That Canadian guy in England

Posts tagged “science

Shiny

This is an elegant and beautiful example of the kind of thing Wired was talking about in the article I mentioned earlier. Artist Todd Falkowsky has processed thousands of photographs of all the Canadian capital cities into the three most predominant colours present in each.

It’s interesting, and a sincerely impressive feat of applying technology to art and culture, and there’s not much else to it. If you’re from TO, you might recognize the cherry red of the TTC in its palette: but only if you access a preexisting model of information, boo.

Lots of compelling data, zero meaningful content.  I’m being impetuous, I realize, but I’m a politics student.  It is extremely cool.


What of Libertarians?

This amuses me immensely. Conservatism as a psychological buffer! Silly conservatives, the state of Canadian politics, among other things, makes perfect sense now. Be sure to hit the teensy audio player at the top of the article, I missed it the first time.

It’s things like this that make me adore Scientific American.


Them’s fightin’ words

I’ve been reading Wired magazine’s Top Stories feed for about six months now, and while it’s always been concerned with the intersection of technology, politics and culture, I’ve never actually sat down with a proper article before. I’m using my powers of intuition to their absolute limits here, but I’m sensing that the editors have a penchant for shit-disturbing.

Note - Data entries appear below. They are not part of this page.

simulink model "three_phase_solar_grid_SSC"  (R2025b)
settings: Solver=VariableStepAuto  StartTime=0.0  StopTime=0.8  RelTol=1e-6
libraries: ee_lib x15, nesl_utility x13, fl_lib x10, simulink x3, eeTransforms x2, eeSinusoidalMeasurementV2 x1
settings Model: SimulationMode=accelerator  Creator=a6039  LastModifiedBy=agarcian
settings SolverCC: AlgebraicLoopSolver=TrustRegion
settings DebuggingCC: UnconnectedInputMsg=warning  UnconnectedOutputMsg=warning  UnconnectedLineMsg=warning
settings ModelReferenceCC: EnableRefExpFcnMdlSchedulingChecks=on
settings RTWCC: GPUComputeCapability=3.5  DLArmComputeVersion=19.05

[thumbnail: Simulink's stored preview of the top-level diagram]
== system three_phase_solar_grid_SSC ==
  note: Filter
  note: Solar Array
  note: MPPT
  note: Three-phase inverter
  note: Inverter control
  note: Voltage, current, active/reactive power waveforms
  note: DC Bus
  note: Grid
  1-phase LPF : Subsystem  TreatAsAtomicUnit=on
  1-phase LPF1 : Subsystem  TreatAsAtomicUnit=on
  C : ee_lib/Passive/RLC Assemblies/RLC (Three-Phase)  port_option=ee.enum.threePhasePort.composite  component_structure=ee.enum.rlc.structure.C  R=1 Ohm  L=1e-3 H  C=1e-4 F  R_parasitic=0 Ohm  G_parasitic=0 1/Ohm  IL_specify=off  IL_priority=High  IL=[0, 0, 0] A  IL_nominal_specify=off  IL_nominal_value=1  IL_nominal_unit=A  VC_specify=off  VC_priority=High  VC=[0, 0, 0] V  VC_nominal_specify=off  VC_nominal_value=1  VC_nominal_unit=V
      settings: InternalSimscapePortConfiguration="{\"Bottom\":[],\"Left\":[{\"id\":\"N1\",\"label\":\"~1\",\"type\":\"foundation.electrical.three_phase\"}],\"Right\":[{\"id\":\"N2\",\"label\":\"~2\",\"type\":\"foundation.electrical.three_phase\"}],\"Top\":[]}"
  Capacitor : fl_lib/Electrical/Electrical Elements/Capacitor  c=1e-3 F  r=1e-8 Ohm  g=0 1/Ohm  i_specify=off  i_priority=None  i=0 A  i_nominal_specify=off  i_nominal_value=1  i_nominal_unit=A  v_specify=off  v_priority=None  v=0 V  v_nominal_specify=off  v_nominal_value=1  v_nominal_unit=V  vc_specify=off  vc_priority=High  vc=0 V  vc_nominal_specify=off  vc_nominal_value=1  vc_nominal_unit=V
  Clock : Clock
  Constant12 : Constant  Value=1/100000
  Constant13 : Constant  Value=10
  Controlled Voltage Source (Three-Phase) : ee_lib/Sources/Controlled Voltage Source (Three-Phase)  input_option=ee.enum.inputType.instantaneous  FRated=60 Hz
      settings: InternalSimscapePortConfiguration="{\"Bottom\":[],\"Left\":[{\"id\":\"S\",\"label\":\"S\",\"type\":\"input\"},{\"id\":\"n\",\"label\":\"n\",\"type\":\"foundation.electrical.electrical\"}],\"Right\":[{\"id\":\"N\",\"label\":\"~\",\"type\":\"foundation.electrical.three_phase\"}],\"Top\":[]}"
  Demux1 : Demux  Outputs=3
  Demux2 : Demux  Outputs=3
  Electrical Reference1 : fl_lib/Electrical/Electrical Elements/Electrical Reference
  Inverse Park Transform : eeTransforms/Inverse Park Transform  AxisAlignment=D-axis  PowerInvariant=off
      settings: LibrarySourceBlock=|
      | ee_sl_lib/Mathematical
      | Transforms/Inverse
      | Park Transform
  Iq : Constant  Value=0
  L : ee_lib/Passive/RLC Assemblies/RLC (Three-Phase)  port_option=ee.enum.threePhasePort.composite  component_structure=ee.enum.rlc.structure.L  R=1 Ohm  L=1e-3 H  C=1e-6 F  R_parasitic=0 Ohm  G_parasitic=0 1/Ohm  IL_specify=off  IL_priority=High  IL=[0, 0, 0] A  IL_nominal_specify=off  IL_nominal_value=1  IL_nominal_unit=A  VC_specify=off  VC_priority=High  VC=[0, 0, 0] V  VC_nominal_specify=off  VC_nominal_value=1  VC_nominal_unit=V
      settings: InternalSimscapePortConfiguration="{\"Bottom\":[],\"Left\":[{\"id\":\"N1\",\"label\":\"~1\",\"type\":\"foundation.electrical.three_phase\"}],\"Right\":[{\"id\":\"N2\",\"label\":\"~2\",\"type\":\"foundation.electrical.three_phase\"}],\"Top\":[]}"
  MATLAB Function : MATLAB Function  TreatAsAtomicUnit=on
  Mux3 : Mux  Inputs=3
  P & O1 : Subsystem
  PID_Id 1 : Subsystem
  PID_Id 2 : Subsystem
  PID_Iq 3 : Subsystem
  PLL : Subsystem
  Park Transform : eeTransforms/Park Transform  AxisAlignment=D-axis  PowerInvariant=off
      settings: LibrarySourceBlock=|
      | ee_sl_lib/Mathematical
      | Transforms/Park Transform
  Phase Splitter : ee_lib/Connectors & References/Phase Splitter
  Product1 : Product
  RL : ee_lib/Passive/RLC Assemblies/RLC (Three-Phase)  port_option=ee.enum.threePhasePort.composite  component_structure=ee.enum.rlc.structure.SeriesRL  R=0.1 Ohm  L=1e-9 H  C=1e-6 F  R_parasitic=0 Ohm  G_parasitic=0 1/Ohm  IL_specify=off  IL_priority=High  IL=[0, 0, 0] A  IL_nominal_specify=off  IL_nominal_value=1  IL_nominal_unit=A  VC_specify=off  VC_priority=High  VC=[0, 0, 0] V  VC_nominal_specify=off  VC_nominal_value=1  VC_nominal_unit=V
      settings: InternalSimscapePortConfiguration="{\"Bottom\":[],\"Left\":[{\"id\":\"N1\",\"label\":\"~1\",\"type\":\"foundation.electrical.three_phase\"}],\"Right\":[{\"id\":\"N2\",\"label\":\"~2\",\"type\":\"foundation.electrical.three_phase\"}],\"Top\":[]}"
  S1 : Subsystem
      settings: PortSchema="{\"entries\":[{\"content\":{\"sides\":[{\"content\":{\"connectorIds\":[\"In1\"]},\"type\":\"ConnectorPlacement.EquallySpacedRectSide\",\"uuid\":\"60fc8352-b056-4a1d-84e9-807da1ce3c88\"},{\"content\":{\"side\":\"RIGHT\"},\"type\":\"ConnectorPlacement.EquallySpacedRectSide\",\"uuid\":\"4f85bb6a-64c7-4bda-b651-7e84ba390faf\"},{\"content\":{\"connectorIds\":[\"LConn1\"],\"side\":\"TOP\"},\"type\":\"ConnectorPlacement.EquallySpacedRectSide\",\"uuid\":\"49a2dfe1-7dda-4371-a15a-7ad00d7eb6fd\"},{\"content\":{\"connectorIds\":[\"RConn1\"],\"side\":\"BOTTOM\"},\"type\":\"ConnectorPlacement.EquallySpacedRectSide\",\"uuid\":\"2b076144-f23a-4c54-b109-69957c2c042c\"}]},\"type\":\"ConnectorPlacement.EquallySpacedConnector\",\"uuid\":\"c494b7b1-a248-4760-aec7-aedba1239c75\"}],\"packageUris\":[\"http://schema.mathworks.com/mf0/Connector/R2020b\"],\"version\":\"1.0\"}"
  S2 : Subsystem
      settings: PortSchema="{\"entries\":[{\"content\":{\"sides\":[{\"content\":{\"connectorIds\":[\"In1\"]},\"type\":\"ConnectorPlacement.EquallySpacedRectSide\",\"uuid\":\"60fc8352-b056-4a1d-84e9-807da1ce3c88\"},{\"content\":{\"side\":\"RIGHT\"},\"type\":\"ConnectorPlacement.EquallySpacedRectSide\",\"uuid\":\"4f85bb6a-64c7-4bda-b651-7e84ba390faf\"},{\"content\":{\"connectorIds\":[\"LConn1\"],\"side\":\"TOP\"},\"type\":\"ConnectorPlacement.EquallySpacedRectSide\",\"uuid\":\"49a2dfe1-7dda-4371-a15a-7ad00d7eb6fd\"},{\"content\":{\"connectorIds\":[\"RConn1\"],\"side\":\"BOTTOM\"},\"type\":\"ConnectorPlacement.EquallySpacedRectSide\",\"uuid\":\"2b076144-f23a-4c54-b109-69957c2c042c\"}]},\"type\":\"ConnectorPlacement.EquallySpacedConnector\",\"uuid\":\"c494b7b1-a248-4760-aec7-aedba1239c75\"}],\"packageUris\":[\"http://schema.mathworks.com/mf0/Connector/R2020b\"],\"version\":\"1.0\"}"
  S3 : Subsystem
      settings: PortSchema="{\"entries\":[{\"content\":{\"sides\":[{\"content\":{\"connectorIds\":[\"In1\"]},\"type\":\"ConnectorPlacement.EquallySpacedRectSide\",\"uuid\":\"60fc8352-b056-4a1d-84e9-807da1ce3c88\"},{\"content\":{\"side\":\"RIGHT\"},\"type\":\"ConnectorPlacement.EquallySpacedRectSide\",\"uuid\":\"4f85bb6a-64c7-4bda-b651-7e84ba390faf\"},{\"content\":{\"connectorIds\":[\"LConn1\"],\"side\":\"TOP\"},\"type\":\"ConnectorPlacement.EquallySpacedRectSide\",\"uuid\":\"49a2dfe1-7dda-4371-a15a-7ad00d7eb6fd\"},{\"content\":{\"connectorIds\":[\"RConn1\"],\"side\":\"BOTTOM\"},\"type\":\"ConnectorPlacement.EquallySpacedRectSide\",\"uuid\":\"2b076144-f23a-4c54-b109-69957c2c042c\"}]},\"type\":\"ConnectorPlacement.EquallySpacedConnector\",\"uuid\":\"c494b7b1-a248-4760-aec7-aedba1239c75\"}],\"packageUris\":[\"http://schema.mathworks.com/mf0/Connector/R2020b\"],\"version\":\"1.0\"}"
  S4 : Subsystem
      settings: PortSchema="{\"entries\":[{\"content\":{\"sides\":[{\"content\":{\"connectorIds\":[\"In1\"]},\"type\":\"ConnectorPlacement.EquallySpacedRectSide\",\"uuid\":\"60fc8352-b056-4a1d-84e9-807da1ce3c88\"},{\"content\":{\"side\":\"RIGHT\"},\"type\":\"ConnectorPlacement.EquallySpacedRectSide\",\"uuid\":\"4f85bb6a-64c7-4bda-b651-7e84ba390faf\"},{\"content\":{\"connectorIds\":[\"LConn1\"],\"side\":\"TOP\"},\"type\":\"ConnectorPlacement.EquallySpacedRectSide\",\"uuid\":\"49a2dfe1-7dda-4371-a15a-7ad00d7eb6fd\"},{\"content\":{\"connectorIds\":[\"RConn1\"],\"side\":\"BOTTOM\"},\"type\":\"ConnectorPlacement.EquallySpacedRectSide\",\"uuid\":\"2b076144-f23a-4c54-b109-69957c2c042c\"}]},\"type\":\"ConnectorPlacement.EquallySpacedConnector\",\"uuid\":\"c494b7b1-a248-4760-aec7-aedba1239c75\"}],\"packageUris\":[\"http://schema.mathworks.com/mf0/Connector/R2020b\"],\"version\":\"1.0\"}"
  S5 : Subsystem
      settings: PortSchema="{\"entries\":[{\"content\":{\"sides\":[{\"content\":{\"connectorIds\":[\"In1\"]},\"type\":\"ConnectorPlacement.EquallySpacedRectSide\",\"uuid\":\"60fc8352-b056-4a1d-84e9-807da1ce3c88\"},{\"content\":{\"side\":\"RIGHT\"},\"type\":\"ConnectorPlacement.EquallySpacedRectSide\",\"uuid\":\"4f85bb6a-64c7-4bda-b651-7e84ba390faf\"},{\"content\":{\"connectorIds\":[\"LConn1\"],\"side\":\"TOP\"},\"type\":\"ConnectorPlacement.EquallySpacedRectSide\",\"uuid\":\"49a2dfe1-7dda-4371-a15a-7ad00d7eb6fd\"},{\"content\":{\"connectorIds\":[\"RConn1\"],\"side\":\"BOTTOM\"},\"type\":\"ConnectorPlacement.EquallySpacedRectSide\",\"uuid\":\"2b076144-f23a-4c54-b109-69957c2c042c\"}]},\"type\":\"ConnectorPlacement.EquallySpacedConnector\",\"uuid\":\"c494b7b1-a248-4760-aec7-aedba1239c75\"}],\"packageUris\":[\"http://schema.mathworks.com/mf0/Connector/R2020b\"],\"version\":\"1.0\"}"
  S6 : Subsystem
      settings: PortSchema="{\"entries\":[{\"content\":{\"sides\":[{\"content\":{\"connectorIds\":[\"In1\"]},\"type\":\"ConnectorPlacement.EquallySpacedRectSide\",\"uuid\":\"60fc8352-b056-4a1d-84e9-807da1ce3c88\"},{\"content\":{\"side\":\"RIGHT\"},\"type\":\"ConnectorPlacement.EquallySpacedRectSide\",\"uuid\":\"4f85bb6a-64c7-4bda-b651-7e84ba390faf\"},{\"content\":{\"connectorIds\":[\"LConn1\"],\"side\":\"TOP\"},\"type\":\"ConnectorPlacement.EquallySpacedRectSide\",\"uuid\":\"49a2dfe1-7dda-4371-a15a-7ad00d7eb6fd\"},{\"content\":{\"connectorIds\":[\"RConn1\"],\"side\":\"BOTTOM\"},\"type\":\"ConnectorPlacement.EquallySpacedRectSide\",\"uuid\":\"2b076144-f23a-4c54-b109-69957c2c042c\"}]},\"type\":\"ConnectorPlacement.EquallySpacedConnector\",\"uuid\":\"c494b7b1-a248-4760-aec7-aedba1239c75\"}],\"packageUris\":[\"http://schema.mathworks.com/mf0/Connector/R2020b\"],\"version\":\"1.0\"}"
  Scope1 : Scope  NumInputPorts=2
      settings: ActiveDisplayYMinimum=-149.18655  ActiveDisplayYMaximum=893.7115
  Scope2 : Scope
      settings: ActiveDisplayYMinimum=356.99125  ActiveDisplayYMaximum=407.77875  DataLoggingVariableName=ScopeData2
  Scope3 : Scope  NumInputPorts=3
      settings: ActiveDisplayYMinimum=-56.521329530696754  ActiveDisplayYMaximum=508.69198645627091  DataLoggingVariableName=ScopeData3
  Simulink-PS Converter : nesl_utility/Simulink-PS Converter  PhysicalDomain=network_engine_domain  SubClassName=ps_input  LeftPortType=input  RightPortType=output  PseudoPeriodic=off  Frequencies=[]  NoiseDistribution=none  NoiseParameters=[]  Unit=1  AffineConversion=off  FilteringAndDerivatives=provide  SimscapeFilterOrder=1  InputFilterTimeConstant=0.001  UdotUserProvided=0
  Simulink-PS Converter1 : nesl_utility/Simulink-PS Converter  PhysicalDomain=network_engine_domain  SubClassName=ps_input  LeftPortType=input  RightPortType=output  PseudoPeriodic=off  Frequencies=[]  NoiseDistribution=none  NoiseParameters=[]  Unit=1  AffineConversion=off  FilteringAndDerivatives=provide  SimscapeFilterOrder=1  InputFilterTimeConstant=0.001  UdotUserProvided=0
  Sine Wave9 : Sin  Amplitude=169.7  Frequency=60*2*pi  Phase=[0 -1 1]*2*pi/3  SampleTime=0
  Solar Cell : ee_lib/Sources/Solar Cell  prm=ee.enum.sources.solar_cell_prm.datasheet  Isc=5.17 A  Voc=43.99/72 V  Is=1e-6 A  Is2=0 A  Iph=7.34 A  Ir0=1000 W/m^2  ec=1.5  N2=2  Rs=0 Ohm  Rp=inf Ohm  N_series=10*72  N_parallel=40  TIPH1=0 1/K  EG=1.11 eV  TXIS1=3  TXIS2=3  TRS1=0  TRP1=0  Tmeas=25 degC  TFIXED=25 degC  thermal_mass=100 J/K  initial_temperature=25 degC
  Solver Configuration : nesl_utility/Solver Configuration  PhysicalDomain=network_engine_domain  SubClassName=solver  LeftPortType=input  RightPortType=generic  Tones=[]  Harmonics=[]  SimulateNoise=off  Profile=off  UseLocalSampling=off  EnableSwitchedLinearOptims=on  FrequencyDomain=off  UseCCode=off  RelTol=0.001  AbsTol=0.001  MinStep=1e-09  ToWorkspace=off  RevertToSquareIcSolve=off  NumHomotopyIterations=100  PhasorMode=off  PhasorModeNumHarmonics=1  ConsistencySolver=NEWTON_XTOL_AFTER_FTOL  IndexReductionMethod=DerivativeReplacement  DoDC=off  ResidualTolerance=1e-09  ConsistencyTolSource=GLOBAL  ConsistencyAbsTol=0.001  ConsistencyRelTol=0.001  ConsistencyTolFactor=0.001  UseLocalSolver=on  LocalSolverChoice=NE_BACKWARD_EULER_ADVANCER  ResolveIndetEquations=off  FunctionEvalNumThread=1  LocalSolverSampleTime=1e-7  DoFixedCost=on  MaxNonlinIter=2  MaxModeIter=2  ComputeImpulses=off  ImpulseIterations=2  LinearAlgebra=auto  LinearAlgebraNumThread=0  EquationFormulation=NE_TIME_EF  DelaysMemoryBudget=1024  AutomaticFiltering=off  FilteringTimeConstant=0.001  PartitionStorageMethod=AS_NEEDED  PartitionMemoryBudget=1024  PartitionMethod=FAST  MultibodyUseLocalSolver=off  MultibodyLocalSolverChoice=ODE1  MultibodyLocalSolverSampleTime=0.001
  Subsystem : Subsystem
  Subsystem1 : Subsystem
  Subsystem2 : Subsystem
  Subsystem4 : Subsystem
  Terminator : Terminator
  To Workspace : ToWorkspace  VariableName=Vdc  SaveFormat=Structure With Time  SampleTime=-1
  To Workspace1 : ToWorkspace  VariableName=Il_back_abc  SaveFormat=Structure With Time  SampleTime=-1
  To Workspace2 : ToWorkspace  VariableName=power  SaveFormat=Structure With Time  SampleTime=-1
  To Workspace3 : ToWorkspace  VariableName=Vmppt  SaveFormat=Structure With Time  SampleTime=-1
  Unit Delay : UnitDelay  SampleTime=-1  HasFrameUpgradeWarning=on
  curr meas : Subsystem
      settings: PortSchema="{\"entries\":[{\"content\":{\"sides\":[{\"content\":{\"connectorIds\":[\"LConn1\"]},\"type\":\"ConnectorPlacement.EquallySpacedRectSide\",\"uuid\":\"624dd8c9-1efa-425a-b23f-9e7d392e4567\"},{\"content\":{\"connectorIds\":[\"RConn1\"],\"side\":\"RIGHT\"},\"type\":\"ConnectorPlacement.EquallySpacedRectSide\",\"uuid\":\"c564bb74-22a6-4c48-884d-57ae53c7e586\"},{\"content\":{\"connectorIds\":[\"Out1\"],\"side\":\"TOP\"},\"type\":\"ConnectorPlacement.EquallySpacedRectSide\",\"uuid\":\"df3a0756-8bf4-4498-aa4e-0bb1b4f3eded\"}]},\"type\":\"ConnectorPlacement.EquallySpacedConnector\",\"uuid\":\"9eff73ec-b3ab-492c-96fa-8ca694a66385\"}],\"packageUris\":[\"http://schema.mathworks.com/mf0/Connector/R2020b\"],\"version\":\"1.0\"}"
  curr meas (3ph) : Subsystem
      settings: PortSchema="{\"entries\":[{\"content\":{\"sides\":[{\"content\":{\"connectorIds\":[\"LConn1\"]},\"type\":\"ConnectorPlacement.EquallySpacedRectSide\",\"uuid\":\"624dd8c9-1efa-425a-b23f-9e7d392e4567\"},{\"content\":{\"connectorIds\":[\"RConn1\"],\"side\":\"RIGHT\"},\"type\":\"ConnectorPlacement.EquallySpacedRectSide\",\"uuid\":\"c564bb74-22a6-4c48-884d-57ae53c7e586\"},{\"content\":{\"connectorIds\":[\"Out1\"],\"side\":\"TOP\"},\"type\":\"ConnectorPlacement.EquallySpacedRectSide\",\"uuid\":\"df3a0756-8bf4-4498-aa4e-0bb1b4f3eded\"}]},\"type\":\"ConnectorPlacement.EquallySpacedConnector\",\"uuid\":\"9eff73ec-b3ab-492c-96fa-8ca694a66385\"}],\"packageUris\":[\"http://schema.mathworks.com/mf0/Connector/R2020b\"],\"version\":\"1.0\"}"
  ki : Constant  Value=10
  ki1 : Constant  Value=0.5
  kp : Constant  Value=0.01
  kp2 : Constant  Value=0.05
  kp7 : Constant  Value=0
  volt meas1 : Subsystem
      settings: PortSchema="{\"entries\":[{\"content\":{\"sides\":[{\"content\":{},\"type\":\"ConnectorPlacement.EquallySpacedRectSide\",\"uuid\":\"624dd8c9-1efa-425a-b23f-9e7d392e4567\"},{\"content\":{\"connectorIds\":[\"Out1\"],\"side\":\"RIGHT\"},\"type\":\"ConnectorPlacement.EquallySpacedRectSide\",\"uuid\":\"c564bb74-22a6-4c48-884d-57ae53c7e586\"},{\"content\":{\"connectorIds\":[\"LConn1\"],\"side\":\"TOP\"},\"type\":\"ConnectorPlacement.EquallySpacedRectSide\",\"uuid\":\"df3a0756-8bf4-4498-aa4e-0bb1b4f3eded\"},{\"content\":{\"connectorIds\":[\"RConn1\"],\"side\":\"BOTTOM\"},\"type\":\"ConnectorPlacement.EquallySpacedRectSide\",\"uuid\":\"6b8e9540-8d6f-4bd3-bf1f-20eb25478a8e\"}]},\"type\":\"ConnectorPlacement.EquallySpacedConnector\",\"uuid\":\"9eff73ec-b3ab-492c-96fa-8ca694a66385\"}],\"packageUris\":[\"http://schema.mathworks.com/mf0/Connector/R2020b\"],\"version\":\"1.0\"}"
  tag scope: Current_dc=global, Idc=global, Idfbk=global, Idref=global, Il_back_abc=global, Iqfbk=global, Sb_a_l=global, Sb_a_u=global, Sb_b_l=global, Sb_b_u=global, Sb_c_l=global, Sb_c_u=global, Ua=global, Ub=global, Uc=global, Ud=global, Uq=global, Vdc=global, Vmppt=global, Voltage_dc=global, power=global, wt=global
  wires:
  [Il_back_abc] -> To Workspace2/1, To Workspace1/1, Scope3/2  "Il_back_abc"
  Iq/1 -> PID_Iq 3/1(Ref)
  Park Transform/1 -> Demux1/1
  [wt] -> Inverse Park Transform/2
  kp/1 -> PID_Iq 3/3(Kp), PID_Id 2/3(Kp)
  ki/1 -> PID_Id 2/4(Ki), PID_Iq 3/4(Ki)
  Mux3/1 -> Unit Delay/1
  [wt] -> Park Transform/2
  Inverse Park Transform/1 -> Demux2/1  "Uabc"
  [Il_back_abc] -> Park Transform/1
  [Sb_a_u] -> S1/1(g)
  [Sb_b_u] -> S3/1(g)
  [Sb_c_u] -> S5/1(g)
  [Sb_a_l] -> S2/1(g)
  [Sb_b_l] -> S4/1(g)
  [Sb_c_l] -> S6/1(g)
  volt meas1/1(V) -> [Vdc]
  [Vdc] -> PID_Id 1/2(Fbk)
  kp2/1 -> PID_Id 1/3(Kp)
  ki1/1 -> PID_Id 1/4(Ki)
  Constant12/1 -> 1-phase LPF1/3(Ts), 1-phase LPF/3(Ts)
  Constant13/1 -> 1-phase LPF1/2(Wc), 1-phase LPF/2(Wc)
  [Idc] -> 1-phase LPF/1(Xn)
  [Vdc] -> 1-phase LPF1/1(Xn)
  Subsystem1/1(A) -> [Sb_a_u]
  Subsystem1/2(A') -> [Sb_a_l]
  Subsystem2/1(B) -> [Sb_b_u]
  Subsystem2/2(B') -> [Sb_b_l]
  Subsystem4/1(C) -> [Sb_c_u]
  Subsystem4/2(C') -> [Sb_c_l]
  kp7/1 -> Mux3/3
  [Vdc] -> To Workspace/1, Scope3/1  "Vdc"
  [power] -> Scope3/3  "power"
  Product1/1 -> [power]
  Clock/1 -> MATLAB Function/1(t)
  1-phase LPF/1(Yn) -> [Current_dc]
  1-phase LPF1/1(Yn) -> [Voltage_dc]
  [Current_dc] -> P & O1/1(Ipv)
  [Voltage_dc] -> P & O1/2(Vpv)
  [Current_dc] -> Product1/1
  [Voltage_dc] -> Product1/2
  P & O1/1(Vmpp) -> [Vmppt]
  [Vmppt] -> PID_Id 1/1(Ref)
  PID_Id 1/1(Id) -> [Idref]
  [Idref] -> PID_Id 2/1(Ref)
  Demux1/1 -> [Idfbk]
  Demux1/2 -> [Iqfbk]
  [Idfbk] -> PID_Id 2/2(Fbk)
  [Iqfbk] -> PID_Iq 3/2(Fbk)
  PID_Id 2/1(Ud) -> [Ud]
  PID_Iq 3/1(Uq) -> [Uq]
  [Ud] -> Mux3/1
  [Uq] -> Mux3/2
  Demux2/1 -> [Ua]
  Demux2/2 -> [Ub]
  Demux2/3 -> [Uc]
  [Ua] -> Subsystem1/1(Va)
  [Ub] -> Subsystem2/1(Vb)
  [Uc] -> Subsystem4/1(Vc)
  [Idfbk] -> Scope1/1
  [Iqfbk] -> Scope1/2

I admire that, I’ve always been attracted to the radical periphery of discussions, particularly as they pertain to such geeky topics as technoutopianism and futurology.

While I’d like to say, in philosophical terms I appreciate the role which radicalism takes in balancing out the Luddite/conservative element I perceive as commonplace and oppressive in my day to day life, and I do, the mundane truth of it is I find the dreamers to be awesome.

Wired published most of their newest issue on the web yesterday. While I’m comfortable with the lads at the mag gleefully flogging the Environmentalist status quo, among other suitably anti-PC stances, something is rotten about their angle on the “Petabyte age”, or at least Chris Anderson’s article The End of Theory  and its notion of the end of scientific theory.

I get that journalists are in the business of attempting to be the first one to say “I fucking called it”, a practice, I’m sure, involving scores of cloaked and hooded men whispering over the light of guttering candles, the act of naming the stuff of distant threads of time ushering dark powers to whichever thrall is blessed by being the first. But this is taking things a bit far, somewhere between the reasonable “we are headed toward a paperless society” and the “humans will marry robots by the year 2050”. The article itself is a great read, extremely well written while raising compelling points, but there’s a limit to how well one can stomach an article subtitled “…Scientific Method Obsolete”.

The article itself is a great read, but the thrust of it is this: the ever advancing computational strength available in the modern age has begun to redefine not simply how we collect data – about everything and anything – but also how and what we learn. Scientific models in all fields are always wrong, hence why they’re constantly modified and updated, and thus the why of understanding phenomenon can be discarded in favour of increasingly rich volumes of what is.

The colossal elephant in the room, however, is the idea that we can excise meaning from information and still learn from it. While the author is careful to focus his parlance on the extinction of models from scientific theory, I find it difficult to separate this from the fact of meaning. How do we understand the Theory of Evolution without any underlying model? We may collect volumes of data to perceive that species change over sequential generations, but what do we understand if our inquiry exists wholly within this step?

This amounts to an assertion that interpretation can be replaced by pure mathematics.

The author points to a biologist, one J. Craig Venter, as the “best practical example” of what he’s describing as the future of science. It’s not my place to criticize Venter or his work, but I take issue with dubbing his method the future of scientific inquiry. The article openly admits that where Venter has used cutting edge Petabyte style technology to discover scores of unique and previously unknown microorganisms, he knows precious little about them beyond the statistical fact of their existence. Consequently, that is all his method, in and of itself, has contributed to the body of science. This is a complex matter, but I beg the question: what have we learned from this?

I find that there is palpable and uncomfortable void in answer to that question. In the author’s own words “It’s just data.” Necessary, but not sufficient.